She waited until he was asleep.
Not the restless half-sleep that came most nights, where his breathing stayed sharp and fast, where he rolled toward her and whispered into the dark. No—this was deep, bone-heavy sleep. The kind that came after emotional exhaustion. After a day spent trying to prove he could be forgiven.
The door remained unlocked, just as he promised.
And just as she had asked.
He thought it was a test.
It was a plan.
Mina moved with the grace of someone who had rehearsed each step a thousand times in her head. She didn’t gather her things—there was nothing in that room worth taking. She didn’t wear shoes. The silence demanded her bare feet. She slid the sharpened mirror shard into her sleeve one last time. Not for violence, but for defense. She would not become him.
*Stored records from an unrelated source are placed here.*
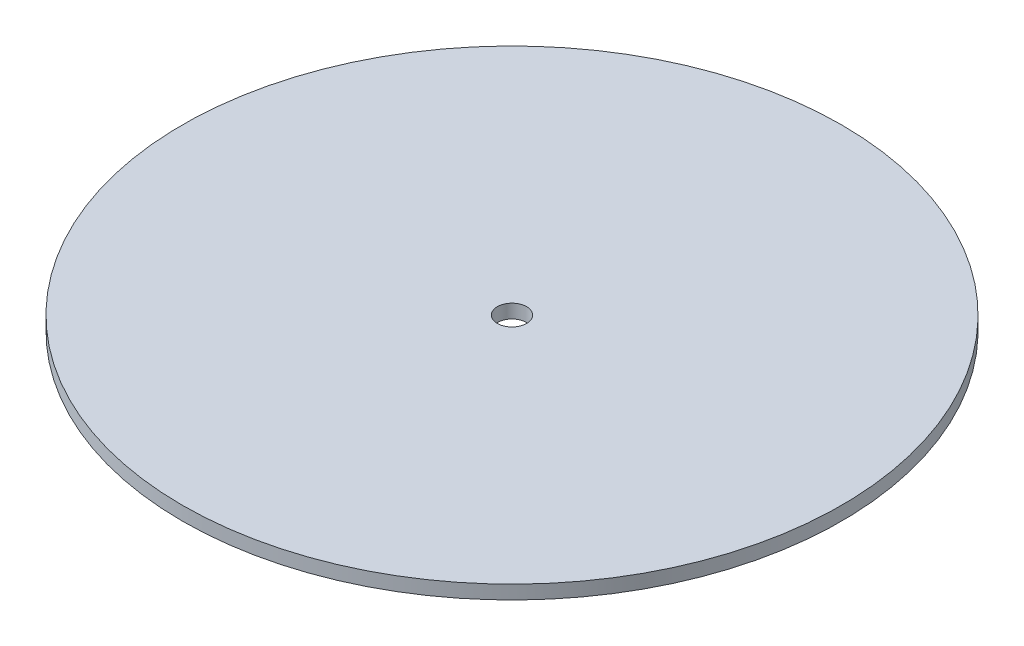
from build123d import *

# Parameters (mm, degrees)
SKETCH1_R               = 76.2
BOSS_EXTRUDE1_DEPTH     = 3.175
F_1_4_CLEARANCE_HOLE1_D = 6.7564


with BuildPart() as part:
    # Sketch1 → Boss-Extrude1 (new body)
    with BuildSketch(Plane(origin=(0, 0, 0), x_dir=(1, 0, 0), z_dir=(0, 1, 0))):
        with Locations(Location((0, 0, 0), (0, 0, 270))):
            Circle(SKETCH1_R)
    extrude(amount=BOSS_EXTRUDE1_DEPTH)

    # 1/4 Clearance Hole1 (through all)
    with Locations(Plane(origin=(0, 3.175, 0), x_dir=(1, 0, 0), z_dir=(0, 1, 0))):
        with Locations((0, 0)):
            Hole(F_1_4_CLEARANCE_HOLE1_D / 2)


solid = part.part

The hallway was long and silent. Pale lights flickered in and out overhead. The air tasted of mildew and fear. Every creak in the floor, every hum of the bulbs felt amplified by the scream in her lungs.
But she walked on.
Down the corridor. Up the stairwell.
To the iron door.
And then—
Freedom.
Real, open air.
She stood in the woods outside his house, leaves tangled in her skirt, breath ragged, skin cold with the shock of wind. The stars blinked above like indifferent witnesses. Her hands trembled.
But she didn’t cry.
She didn’t look back.
She just ran.
---
Eren woke an hour later.
The bed was empty.
The room was quiet.
The silence was wrong.
He sat up fast, breath catching in his throat. He ran to the hallway, heart beating in his skull. He called her name—not softly, not kindly, but like a prayer that knew it had already been rejected.
No answer.
He found the door open.
He found the stairs cold.
He found the final door—
Gone.
Just wind now.
Just sky.
He stood in the threshold of the woods, barefoot, eyes wide, lips parted.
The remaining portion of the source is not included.